*WORK ITEM*:
Below is a listing. Quote from it, exactly, the lines from the one containing "Sum2/1 -> Integrator/1, Sum1/1" down to the one containing "Sum/1 -> Mux4/1", both ends included, and nothing else.

══ DATASET EXCERPTS

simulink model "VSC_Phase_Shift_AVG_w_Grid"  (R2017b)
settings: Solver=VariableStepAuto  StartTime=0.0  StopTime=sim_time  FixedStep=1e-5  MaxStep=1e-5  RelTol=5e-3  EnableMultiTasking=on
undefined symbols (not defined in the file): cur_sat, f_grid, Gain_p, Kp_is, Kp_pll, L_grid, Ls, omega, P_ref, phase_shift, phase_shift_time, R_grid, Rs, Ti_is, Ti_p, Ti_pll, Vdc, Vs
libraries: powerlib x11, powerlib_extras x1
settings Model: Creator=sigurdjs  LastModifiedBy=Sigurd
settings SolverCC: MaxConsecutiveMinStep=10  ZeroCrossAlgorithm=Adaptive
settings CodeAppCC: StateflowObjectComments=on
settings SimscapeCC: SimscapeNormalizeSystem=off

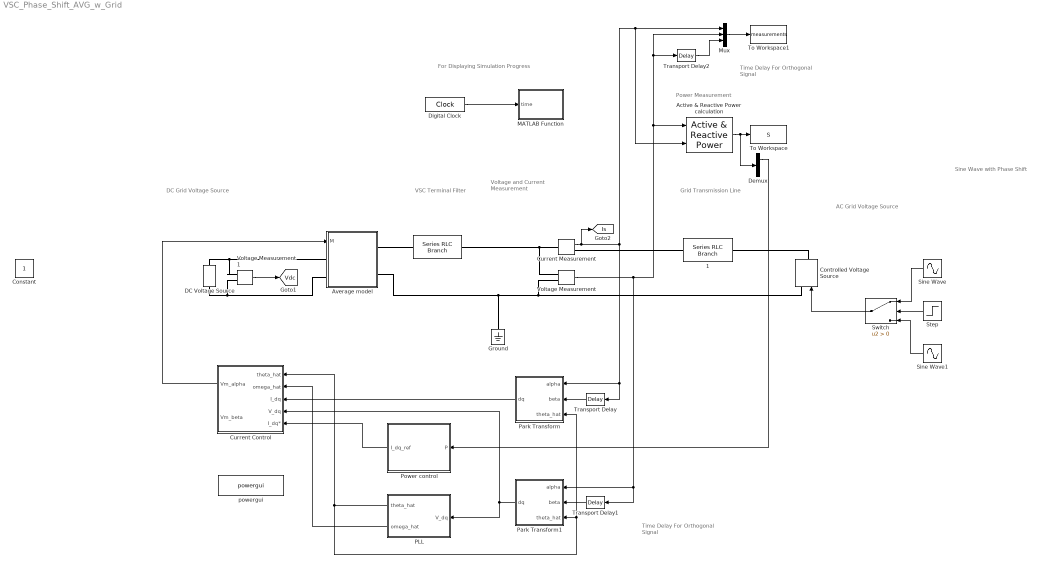
== system VSC_Phase_Shift_AVG_w_Grid ==
  note: For Displaying Simulation Progress
  note: DC Grid
      | Voltage Source
  note: Power Measurement
  note: Time Delay For
      | Orthogonal Signal
  note: VSC Terminal
      | Filter
  note: Voltage and
      | Current Measurement
  note: Time Delay For
      | Orthogonal Signal
  note: Grid Transmission
      | Line
  note: Sine Wave with
      | Phase Shift
  note: AC Grid
      | Voltage Source
  " " : powerlib/Elements/Series RLC Branch  LConnTagsString=__new0  RConnTagsString=__new0  BranchType=RL  Resistance=Rs  Inductance=Ls  SetiL0=off  InitialCurrent=13  Capacitance=1e-6  Setx0=off  InitialVoltage=0  Measurements=None
  " 1" : powerlib/Elements/Series RLC Branch  LConnTagsString=__new0  RConnTagsString=__new0  BranchType=RL  Resistance=R_grid  Inductance=L_grid  SetiL0=off  InitialCurrent=13  Capacitance=1e-6  Setx0=off  InitialVoltage=0  Measurements=None
  Active & Reactive Power calculation : powerlib_extras/Measurements/Active & Reactive Power  f1=f_grid
  Average model : Subsystem
  Controlled Voltage Source : powerlib/Electrical Sources/Controlled Voltage Source  Initialize=off  Source_Type=AC  Amplitude=0  Phase=0  Frequency=0  Measurements=None
  Current Control : Subsystem
  Current Measurement : powerlib/Measurements/Current Measurement  PhasorSimulation=off  OutputType=Complex  PSBequivalent=0
  DC Voltage Source : powerlib/Electrical Sources/DC Voltage Source  Amplitude=Vdc  Measurements=None
  Demux : Demux  Outputs=2
  Digital Clock : DigitalClock  SampleTime=0.01
  Ground : powerlib/Elements/Ground  LConnTagsString=a
  MATLAB Function : MATLAB Function  TreatAsAtomicUnit=on
  Mux : Mux  Inputs=3
  PLL : Subsystem
  Park Transform : Subsystem
  Park Transform1 : Subsystem
  Power control : Subsystem
  Sine Wave : Sin  Amplitude=Vs  Frequency=omega  Phase=phase_shift  SampleTime=0
  Sine Wave1 : Sin  Amplitude=Vs  Frequency=omega  SampleTime=0
  Step : Step  Time=phase_shift_time  SampleTime=0
  Switch : Switch  Criteria=u2 > Threshold
  To Workspace : ToWorkspace  VariableName=S  SaveFormat=Timeseries  SampleTime=-1
  To Workspace1 : ToWorkspace  VariableName=measurements  SaveFormat=Timeseries  SampleTime=-1
  Transport Delay : TransportDelay  DelayTime=1/(4*f_grid)
  Transport Delay1 : TransportDelay  DelayTime=1/(4*f_grid)
  Transport Delay2 : TransportDelay  DelayTime=1/(4*f_grid)
  Voltage Measurement : powerlib/Measurements/Voltage Measurement  PhasorSimulation=off  OutputType=Complex  PSBequivalent=0
  Voltage Measurement1 : powerlib/Measurements/Voltage Measurement  PhasorSimulation=off  OutputType=Complex  PSBequivalent=0
  powergui : powerlib/powergui  Priority=1  SimulationMode=Continuous  SampleTime=1e-5  frequency=60  Iterations=50  frequencyindice=0  Pbase=100e6  ErrMax=1e-4  UnitsV=kV  UnitsW=MW  buscounter=0  FunctionMessages=off  echomessages=off  EnableUseOfTLC=off  CurrentSourceSwitches=off  DisableSnubberDevices=off  DisableRonSwitches=off  DisableVfSwitches=off  DisplayEquations=off  SolverType=Tustin/Backward Euler (TBE)  Interpol=off  ExternalGateDelay=off  methode=off  Ts=100  x0status=blocks  SPID=on  SwTol=0  HookPort=off  RestoreLinks=warning  ResistiveCurrentMeasurement=off  Frange=[0:2:500]  Ylog=off  Xlog=on  ShowGrid=off  save=off  variable=ZData  structure=sps1phPWM1_str1  ZoomFFT=off  StartTime=0.0  cycles=1  DisplayStyle=1  fundamental=100  FreqAxis=off  MaxFrequency=1000  frequencyindicesteady=1  RmsSteady=1  display=off
  Constant : Constant  IOType=siggen
  tag scope: Is=global, Vdc=global
  wires:
  Voltage Measurement/1 -> Park Transform1/1(alpha), Transport Delay1/1, Mux/2, Transport Delay2/1, Active & Reactive Power calculation/1
  PLL/1(theta_hat) -> Current Control/1(theta_hat), Park Transform1/3(theta_hat), Park Transform/3(theta_hat)
  PLL/2(omega_hat) -> Current Control/2(omega_hat)
  Park Transform/1("dq ") -> Current Control/3(I_dq)
  Active & Reactive Power calculation/1 -> Demux/1, To Workspace/1
  Transport Delay/1 -> Park Transform/2(beta)
  Transport Delay1/1 -> Park Transform1/2(beta)
  Park Transform1/1("dq ") -> PLL/1(V_dq), Current Control/4(V_dq)
  Power control/1(I_dq_ref) -> Current Control/5(I_dq*)
  Current Measurement/1 -> Active & Reactive Power calculation/2, Mux/1, Park Transform/1(alpha), Transport Delay/1, [Is]
  Voltage Measurement1/1 -> [Vdc]
  Digital Clock/1 -> MATLAB Function/1(time)
  Mux/1 -> To Workspace1/1
  Transport Delay2/1 -> Mux/3
  Demux/1 -> Power control/1(P)
  Sine Wave1/1 -> Switch/3
  Step/1 -> Switch/2
  Sine Wave/1 -> Switch/1
  Switch/1 -> Controlled Voltage Source/1
  Current Control/1(Vm_alpha) -> Average model/1(M)
  connections:
  Voltage Measurement1/LConn1 -- Average model/LConn1 -- DC Voltage Source/RConn1
  DC Voltage Source/LConn1 -- Average model/LConn2 -- Voltage Measurement1/LConn2
  Voltage Measurement/LConn2 -- Controlled Voltage Source/LConn1 -- Average model/RConn2 -- Ground/LConn1
  Average model/RConn1 -- " "/LConn1
  " "/RConn1 -- Voltage Measurement/LConn1 -- Current Measurement/LConn1
  Controlled Voltage Source/RConn1 -- " 1"/RConn1
  Current Measurement/RConn1 -- " 1"/LConn1

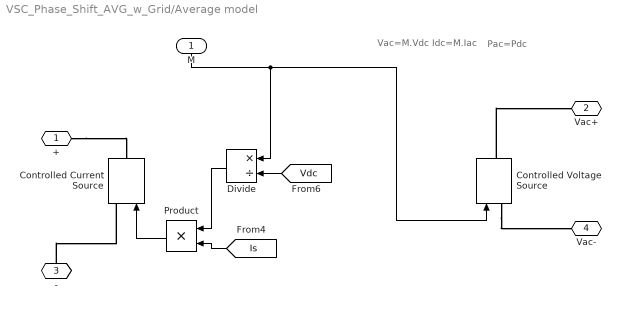
== system VSC_Phase_Shift_AVG_w_Grid/Average model ==
  note: Pac=Pdc
  note: Vac=M.Vdc
      | Idc=M.Iac
  M : Inport
  Controlled Current Source : powerlib/Electrical Sources/Controlled Current Source  Initialize=off  Source_Type=AC  Amplitude=13  Phase=0  Frequency=60  Measurements=None
  Controlled Voltage Source : powerlib/Electrical Sources/Controlled Voltage Source  Initialize=off  Source_Type=AC  Amplitude=120  Phase=90  Frequency=60  Measurements=None
  Divide : Product  Inputs=*/
  Product : Product  RndMeth=Zero
  + : PMIOPort  Port=1  Side=Left
  Vac+ : PMIOPort  Port=2  Side=Right
  - : PMIOPort  Port=3  Side=Left
  Vac- : PMIOPort  Port=4  Side=Right
  wires:
  [Is] -> Product/2
  M/1 -> Divide/1, Controlled Voltage Source/1
  [Vdc] -> Divide/2
  Product/1 -> Controlled Current Source/1
  Divide/1 -> Product/1
  connections:
  Controlled Voltage Source/LConn1 -- Vac-/RConn1
  Controlled Voltage Source/RConn1 -- Vac+/RConn1
  -/RConn1 -- Controlled Current Source/LConn1
  +/RConn1 -- Controlled Current Source/RConn1

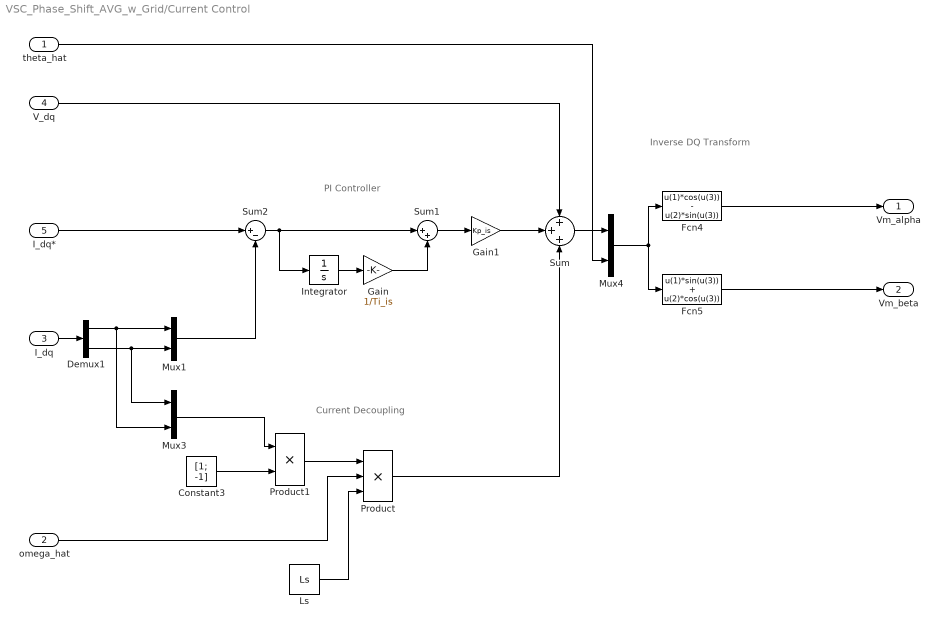
== system VSC_Phase_Shift_AVG_w_Grid/Current Control ==
  note: Inverse
      | DQ Transform
  note: PI Controller
  note: Current Decoupling
  theta_hat : Inport
  omega_hat : Inport  Port=2
  I_dq : Inport  Port=3
  V_dq : Inport  Port=4
  I_dq* : Inport  Port=5
  Constant3 : Constant  Value=[1; -1]
  Demux1 : Demux  Outputs=2
  Fcn4 : Fcn  Expr=u(1)*cos(u(3)) - u(2)*sin(u(3))
  Fcn5 : Fcn  Expr=u(1)*sin(u(3)) + u(2)*cos(u(3))
  Gain : Gain  Gain=1/Ti_is
  Gain1 : Gain  Gain=Kp_is
  Integrator : Integrator
  Ls : Constant  Value=Ls
  Mux1 : Mux  Inputs=2
  Mux3 : Mux  Inputs=2
  Mux4 : Mux  Inputs=2
  Product : Product  Inputs=3
  Product1 : Product
  Sum : Sum  Inputs=+++
  Sum1 : Sum  Inputs=|++
  Sum2 : Sum  Inputs=|+-
  Vm_alpha : Outport
  Vm_beta : Outport  Port=2
  wires:
  Sum2/1 -> Integrator/1, Sum1/1
  Gain1/1 -> Sum/2
  I_dq*/1 -> Sum2/1
  omega_hat/1 -> Product/2
  Mux1/1 -> Sum2/2
  Gain/1 -> Sum1/2
  Ls/1 -> Product/3
  Product1/1 -> Product/1
  theta_hat/1 -> Mux4/2
  Product/1 -> Sum/3
  Integrator/1 -> Gain/1
  Sum1/1 -> Gain1/1
  Constant3/1 -> Product1/2
  I_dq/1 -> Demux1/1
  Demux1/2 -> Mux3/1, Mux1/2
  Mux3/1 -> Product1/1
  Sum/1 -> Mux4/1
  Mux4/1 -> Fcn5/1, Fcn4/1
  Fcn5/1 -> Vm_beta/1
  V_dq/1 -> Sum/1
  Demux1/1 -> Mux1/1, Mux3/2
  Fcn4/1 -> Vm_alpha/1

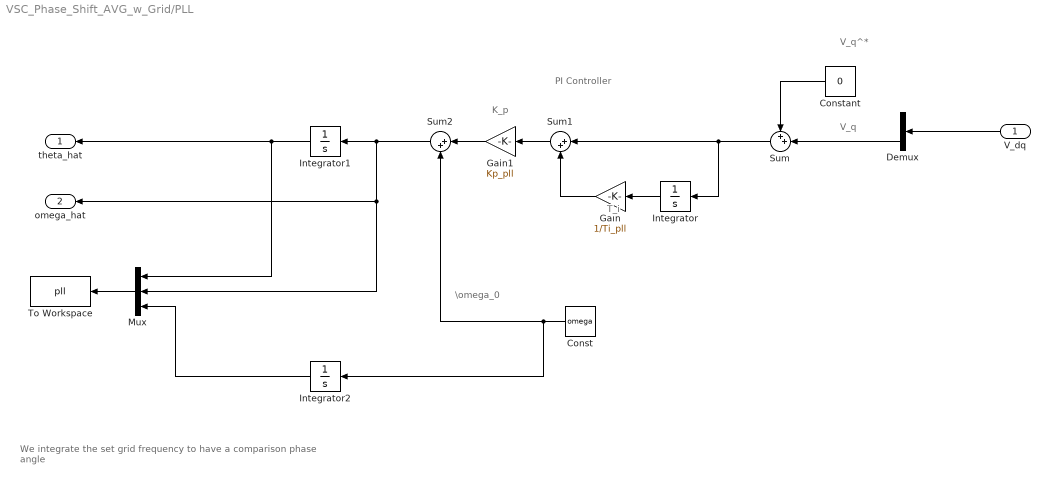
== system VSC_Phase_Shift_AVG_w_Grid/PLL ==
  note: T_i
  note: K_p
  note: \omega_0
  note: V_q
  note: PI Controller
  note: V_q^*
  note: We integrate the set grid frequency to have
      | a comparison phase angle
  V_dq : Inport
  "Const " : Constant  Value=omega
  Constant : Constant  Value=0
  Demux : Demux  Outputs=2
  Gain : Gain  Gain=1/Ti_pll
  Gain1 : Gain  Gain=Kp_pll
  Integrator : Integrator
  Integrator1 : Integrator
  Integrator2 : Integrator
  Mux : Mux  Inputs=3
  Sum : Sum  Inputs=++|
  Sum1 : Sum  Inputs=|++
  Sum2 : Sum  Inputs=|++
  To Workspace : ToWorkspace  VariableName=pll  SaveFormat=Timeseries  SampleTime=-1
  theta_hat : Outport
  omega_hat : Outport  Port=2
  wires:
  Sum1/1 -> Gain1/1
  Integrator/1 -> Gain/1
  Constant/1 -> Sum/1
  Mux/1 -> To Workspace/1
  Gain/1 -> Sum1/2
  Sum2/1 -> Integrator1/1, Mux/2, omega_hat/1
  Gain1/1 -> Sum2/1
  Sum/1 -> Sum1/1, Integrator/1
  Demux/2 -> Sum/2
  V_dq/1 -> Demux/1
  Integrator1/1 -> Mux/1, theta_hat/1
  "Const "/1 -> Sum2/2, Integrator2/1
  Integrator2/1 -> Mux/3

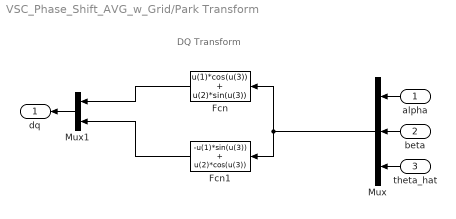
== system VSC_Phase_Shift_AVG_w_Grid/Park Transform ==
  note: DQ Transform
  alpha : Inport
  beta : Inport  Port=2
  theta_hat : Inport  Port=3
  Fcn : Fcn  Expr=u(1)*cos(u(3)) + u(2)*sin(u(3))
  Fcn1 : Fcn  Expr=-u(1)*sin(u(3)) + u(2)*cos(u(3))
  Mux : Mux  Inputs=3
  Mux1 : Mux  Inputs=2
  "dq " : Outport
  wires:
  alpha/1 -> Mux/1
  beta/1 -> Mux/2
  theta_hat/1 -> Mux/3
  Mux/1 -> Fcn1/1, Fcn/1
  Fcn1/1 -> Mux1/2
  Mux1/1 -> "dq "/1
  Fcn/1 -> Mux1/1

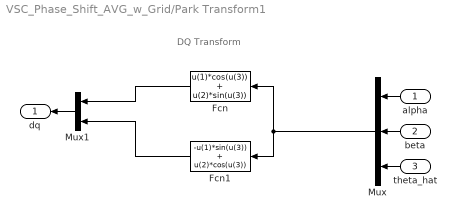
== system VSC_Phase_Shift_AVG_w_Grid/Park Transform1 ==
  note: DQ Transform
  alpha : Inport
  beta : Inport  Port=2
  theta_hat : Inport  Port=3
  Fcn : Fcn  Expr=u(1)*cos(u(3)) + u(2)*sin(u(3))
  Fcn1 : Fcn  Expr=-u(1)*sin(u(3)) + u(2)*cos(u(3))
  Mux : Mux  Inputs=3
  Mux1 : Mux  Inputs=2
  "dq " : Outport
  wires:
  alpha/1 -> Mux/1
  beta/1 -> Mux/2
  theta_hat/1 -> Mux/3
  Mux/1 -> Fcn1/1, Fcn/1
  Fcn1/1 -> Mux1/2
  Mux1/1 -> "dq "/1
  Fcn/1 -> Mux1/1

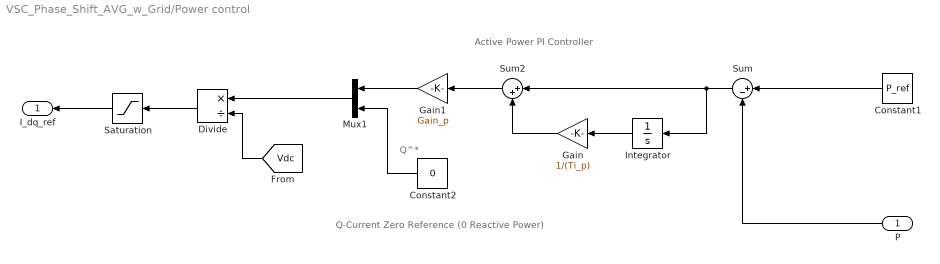
== system VSC_Phase_Shift_AVG_w_Grid/Power control ==
  note: Q^*
  note: Active Power PI Controller
  note: Q-Current Zero Reference
      | (0 Reactive Power)
  P : Inport
  Constant1 : Constant  Value=P_ref
  Constant2 : Constant  Value=0
  Divide : Product  Inputs=*/
  Gain : Gain  Gain=1/(Ti_p)
  Gain1 : Gain  Gain=Gain_p
  Integrator : Integrator
  Mux1 : Mux  Inputs=2
  Saturation : Saturate  UpperLimit=cur_sat  LowerLimit=-cur_sat
  Sum : Sum  Inputs=|+-
  Sum2 : Sum  Inputs=|++
  I_dq_ref : Outport
  wires:
  Gain/1 -> Sum2/2
  Integrator/1 -> Gain/1
  Sum2/1 -> Gain1/1
  Sum/1 -> Integrator/1, Sum2/1
  Gain1/1 -> Mux1/1
  Mux1/1 -> Divide/1
  [Vdc] -> Divide/2
  Saturation/1 -> I_dq_ref/1
  Divide/1 -> Saturation/1
  Constant2/1 -> Mux1/2
  P/1 -> Sum/2
  Constant1/1 -> Sum/1

== matlab function VSC_Phase_Shift_AVG_w_Grid/MATLAB Function ==
  data: time input
function fcn(time)
    fprintf('#######    Simulation currently at %.2f seconds    #######\n', time);
end

════

*ANSWER BOX*:
  Sum2/1 -> Integrator/1, Sum1/1
  Gain1/1 -> Sum/2
  I_dq*/1 -> Sum2/1
  omega_hat/1 -> Product/2
  Mux1/1 -> Sum2/2
  Gain/1 -> Sum1/2
  Ls/1 -> Product/3
  Product1/1 -> Product/1
  theta_hat/1 -> Mux4/2
  Product/1 -> Sum/3
  Integrator/1 -> Gain/1
  Sum1/1 -> Gain1/1
  Constant3/1 -> Product1/2
  I_dq/1 -> Demux1/1
  Demux1/2 -> Mux3/1, Mux1/2
  Mux3/1 -> Product1/1
  Sum/1 -> Mux4/1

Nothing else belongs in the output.